[3-(2,3-epoxypropoxy)propyl]triethoxysilane

Administrative data

Link to relevant study record(s)

Reference

Endpoint:

water solubility

Type of information:

(Q)SAR

Adequacy of study:

key study

Reliability:

2 (reliable with restrictions)

Rationale for reliability incl. deficiencies:

other: The result was obtained by an appropriate predictive method.

Justification for type of information:

QSAR prediction: migrated from IUCLID 5.6

Principles of method if other than guideline:

The result was obtained using an appropriate QSAR method (see QMRF and QPRF for details).

GLP compliance:

no

Water solubility:

3 300 mg/L

Temp.:

20 °C

pH:

7

Conclusions:

A water solubility of 3300 mg/l was obtained for the test substance using an appropriate calculation method. The result is considered reliable.

Description of key information

Water solubility [3-(2,3-epoxypropoxy)propyl]triethoxysilane: 3300 mg/L at 20°C (QSAR)

Water solubility [2,3-dihydroxypropoxypropylsilanetriol]: At concentrations above 1000 mg/L condensation reactions can occur over time, limiting the concentration dissolved in water. The calculated water solubility is 1.0E+6 mg/L at 20°C (QSAR)

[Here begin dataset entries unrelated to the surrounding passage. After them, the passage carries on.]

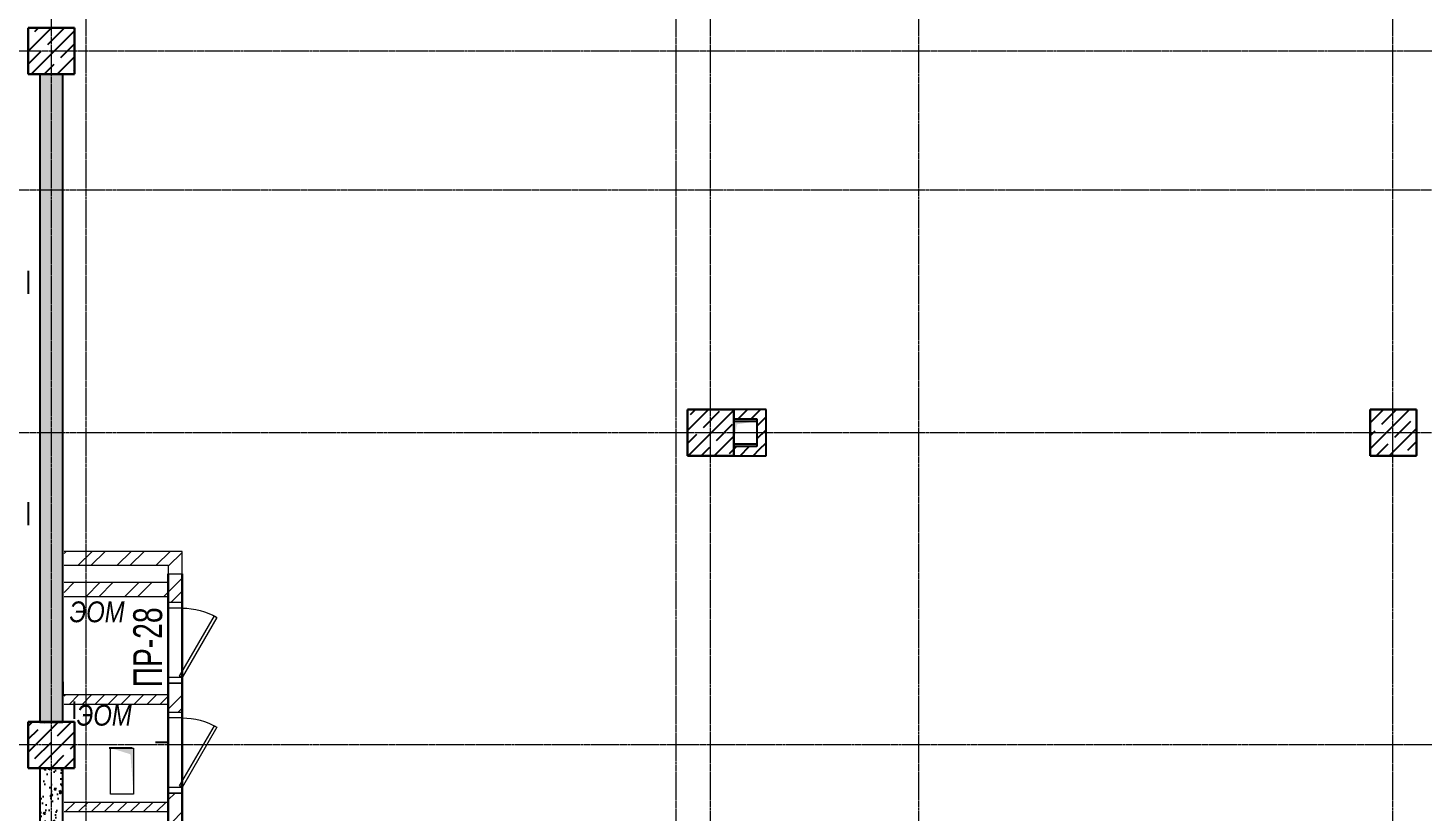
# Model space of a CAD drawing. Header units: millimetres. Extents: x -231292 to 573618, y -153144 to 564035.
# Drawn here: x 21300 to 33364, y 242685 to 249466 of the extents above; entities that cross this region are included whole.
import ezdxf
from ezdxf.enums import TextEntityAlignment as Align

# ---------------------------------------------------------------- set-up
doc = ezdxf.new("R2010")
doc.units = ezdxf.units.MM
doc.linetypes.add('CENTER2', pattern=[28.575, 19.05, -3.175, 3.175, -3.175])
doc.linetypes.add('HIDDEN2', pattern=[4.7625, 3.175, -1.5875])
doc.layers.get('0').update_dxf_attribs({"color": 250})
for name, color, linetype, lineweight in [('АР_Колонны', 250, 'Continuous', 35), ('АР_Стены ЖБ', 250, 'Continuous', 35), ('АР_Стены кирпич', 250, 'Continuous', 20), ('АР_Стены ПЕНОблок', 250, 'Continuous', 20), ('АР_Штриховка', 250, 'Continuous', 0), ('Двери кабины', 250, 'Continuous', 0), ('РД_Оси_100', 250, 'Continuous', 0), ('ЭОМ_отверстия', 250, 'Continuous', 5)]:
    doc.layers.add(name, color=color, linetype=linetype, lineweight=lineweight)
for name, color, linetype, lineweight, plot in [('КР_Балки-0.5', 60, 'Continuous', 50, False), ('РД_Проем', 250, 'Continuous', 0, False), ('РД_проем_инж перемыч_подсчет', 250, 'Continuous', 30, False)]:
    doc.layers.add(name, color=color, linetype=linetype, lineweight=lineweight, plot=plot)
doc.layers.add('РД_Перемычка инж проемов', color=250, linetype='Continuous')
doc.styles.add('Arial0', font='arial.ttf')
doc.styles.add('MtXpl_Arial_Narrow', font='ARIALNI.TTF')
doc.styles.add('ккк', font='isocpeur.ttf', dxfattribs={"width": 0.85, "oblique": 15})
pattern_1 = [(45, (8914.18, 173064.12), (-168.3798, 168.3798), []), (45, (9026.44, 173064.12), (-168.3798, 168.3798), [])]

# ---------------------------------------------------------------- blocks, each defined once
blk = doc.blocks.new('otv')
at = {"linetype": 'Continuous'}
blk.add_lwpolyline([(0, -1), (0, 0), (1, 0), (1, -1)], close=True, dxfattribs=at)
blk.add_solid([(0, -1), (0, 0), (0.135, -0.137), (1, 0)], dxfattribs=at)
blk = doc.blocks.new('MOK-МаркаПеремычки')
at = {"color": 0, "style": 'ккк', "oblique": 15, "width": 0.85}
blk.add_attdef('АР-ПРОЕМ:ПЕРЕМЫЧКА', text='', height=2.5, dxfattribs=at).set_placement((0, 0), align=Align.MIDDLE)
blk = doc.blocks.new('оси_рен')
at = {"layer": 'РД_Оси_100', "color": 251, "linetype": 'CENTER2', "true_color": 0x636466}
for p, q in [((1215752.916, 135558.25), (1215752.916, 223268.25)), ((1219852.916, 135558.25), (1219852.916, 223268.25)), ((1241712.916, 198613.25), (1189697.958, 198613.25)), ((1189697.958, 197413.25), (1241712.916, 197413.25)), ((1189697.958, 195313.25), (1241712.916, 195313.25))]:
    blk.add_line(p, q, dxfattribs=at)
for points in [[(1208252.916, 135558.25), (1208252.916, 223268.25)], [(1208552.916, 135558.25), (1208552.916, 223268.25)], [(1213652.916, 223268.25), (1213652.916, 135558.25)], [(1213952.916, 135558.25), (1213952.916, 223268.25)], [(1241712.916, 192613.25), (1189697.958, 192613.25)]]:
    blk.add_lwpolyline(points, dxfattribs=at)

msp = doc.modelspace()

# ---------------------------------------------------------------- hatches: boundary and pattern name
at = {"layer": 'АР_Штриховка', "linetype": 'Continuous', "lineweight": 25, "true_color": 0x000000}
h = msp.add_hatch(dxfattribs=at)
h.set_pattern_fill('AR-CONC', color=18, angle=-315, style=0)
h.set_pattern_definition([(95, (-195344.93, 50353), (140.09465, 117.55338), [19.05, -209.55]), (40, (-195344.93, 50353), (-160.01845, 110.17673), [15.24, -167.64058]), (145.451445, (-195333.26, 50362.8), (-19.9238, 227.7301), [16.19001, -178.09024]), (91.1842, (-195380.85, 50388.92), (221.41024, 161.95341), [28.575, -314.325]), (141.63556, (-195362.4, 50402.42), (-7.08662, 342.82676), [24.28502, -267.1356]), (36.18415, (-195380.85, 50388.92), (-7.08662, 342.82676), [22.85997, -251.45973]), (66, (-195353.91, 50397.9), (179.51998, 34.89515), [19.05, -209.55]), (11, (-195353.91, 50397.9), (-86.53993, 173.94119), [15.24, -167.64]), (116.451445, (-195338.95, 50400.81), (92.98005, 208.83634), [16.19001, -178.08994]), (82.5, (-195344.934, 50353), (-57.605469, 61.973414), [0, -165.608, 0, -170.18, 0, -168.275]), (52.5, (-195344.93, 50353), (-23.589727, 118.087), [0, -97.028, 0, -161.798, 0, -64.135]), (12.5, (-195384.986, 50312.95), (99.927863, 91.826196), [0, -63.5, 0, -198.12, 0, -262.89]), (2.5, (-195402.95, 50294.99), (86.763904, 122.722393), [0, -82.55, 0, -131.572, 0, -186.69])])
h.paths.add_polyline_path([(21603.243, 249066.253), (21403.243, 249066.253), (21403.243, 243463.771), (21603.243, 243463.771)], flags=0)
at = {"layer": 'АР_Штриховка', "linetype": 'Continuous', "lineweight": 25, "ltscale": 0.5, "true_color": 0x000000}
h = msp.add_hatch(dxfattribs=at)
h.set_pattern_fill('ANSI31', color=18, scale=25, style=0)
h.set_pattern_definition([(45, (-195344.93, 50353), (-56.1266, 56.1266), [])])
h.paths.add_polyline_path([(27403.244, 246166.253), (27403.244, 246086.253), (27603.226, 246086.253), (27683.226, 246166.253)], flags=0)
h = msp.add_hatch(dxfattribs=at)
h.set_pattern_fill('ANSI31', color=18, scale=25, style=0)
h.set_pattern_definition([(45, (-195344.93, 50353), (-56.1266, 56.1266), [])])
h.paths.add_polyline_path([(27603.226, 245846.253), (27683.226, 245766.253), (27683.226, 246166.253), (27603.226, 246086.253)], flags=0)
h = msp.add_hatch(dxfattribs=at)
h.set_pattern_fill('ANSI31', color=18, scale=25, angle=360, style=0)
h.set_pattern_definition([(45, (-195344.93, 50353), (-56.1266, 56.1266), [])])
h.paths.add_polyline_path([(27683.226, 245766.253), (27603.226, 245846.253), (27403.244, 245846.253), (27403.244, 245766.253)], flags=0)
at = {"layer": 'АР_Штриховка', "linetype": 'Continuous', "lineweight": 0}
h = msp.add_hatch(dxfattribs=at)
h.set_pattern_fill('ANSI32', color=256, scale=25, style=0)
h.set_pattern_definition(pattern_1)
h.paths.add_polyline_path([(21614.182, 244939.128), (21614.182, 244819.128), (22514.182, 244819.128), (22634.182, 244939.128)], flags=0)
h = msp.add_hatch(dxfattribs=at)
h.set_pattern_fill('ANSI32', color=256, scale=25, angle=-360, style=0)
h.set_pattern_definition([(45, (8914.18, 173064.12), (-168.3798, 168.3798), []), (45, (9026.44, 173064.12), (-168.3798, 168.3798), [])])
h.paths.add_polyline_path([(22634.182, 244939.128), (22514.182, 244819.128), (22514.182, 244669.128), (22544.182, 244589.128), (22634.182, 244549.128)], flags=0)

water solubility [ethanol]: miscible with water

Key value for chemical safety assessment

Water solubility:

3 300 mg/L

at the temperature of:

20 °C

Additional information

A predicted water solubility value of 3300 mg/L at 20°C was determined for the substance using a validated QSAR estimation method. The result is considered to be reliable.

 

In contact with water, [3-(2,3-epoxypropoxy)propyl]triethoxysilane will hydrolyse moderately rapidly (half-life 12-36 hours at pH 7 and 25°C) to form 2,3-dihydroxypropoxypropylsilanetriol and ethanol.

 

The water solubility of the silanol hydrolysis product, 2,3-dihydroxypropoxypropylsilanetriol was predicted to be 1.0E+6 mg/L at 20°C using a relevant estimation method.

 

The silanol hydrolysis product, 2,3-dihydroxypropoxypropylsilanetriol may undergo condensation reactions in solution to give siloxane dimers, linear and cyclic oligomers and highly cross-linked polymeric particles (sol) that may over time form an insoluble gel and a dynamic equilibrium is established. The overall rate and extent of condensation is dependent on nominal loading, temperature and pH of the system, as well as what else is present in the solution.

 

The condensation reactions of silanetriols may be modelled as an equilibrium between monomer, dimer, trimer and tetramer, with the linear tetramer cyclising to the thermodynamically stable cyclic tetramer. The reactions are reversible unless the cyclic tetramer concentration exceeds its solubility; in this case, the cyclic tetramer forms a separate phase, driving the equilibrium towards the tetramer. For 2,3-dihydroxypropoxypropylsilanetriol, at loadings about 1000 mg/L the concentration of the cyclic tetramer of the silanol hydrolysis product is predicted to exceed its solubility, resulting in formation of a separate phase. Further information is given in a supporting report (PFA 2016am) attached in Section 13.

 

The hydrolysis product, 2,3-dihydroxypropoxypropylsilanetriol, is very hydrophilic and hence the calculated solubility is 1.0E+6 mg/L using a QSAR method. This QSAR method for water solubility cannot be validated for silanetriols because the saturation concentration of silanetriols in water is limited by condensation reactions rather than lack of true solubility as discussed above. The prediction is considered to be valid for use in calculation of environmental exposure modelling and toxicokinetics modelling because it is considered to adequately describe the hydrophilicity of the substance and hence the partitioning behaviour.

 

Ethanol is miscible with water (Riddick J.A 1986).

 

References:

PFA (2016am). Peter Fisk Associates, Silanols and aquatic systems, 404.105.003

 

Riddick J.A (1986). Riddick,J.A.; Bunger,W.B.; Sakano,T.K.; Organic Solvents: Physical Properties and Methods of Purification. Techniques of Chemistry. 4th ED. New York,NY: Wiley-Interscience. 2:PP.1325 1986.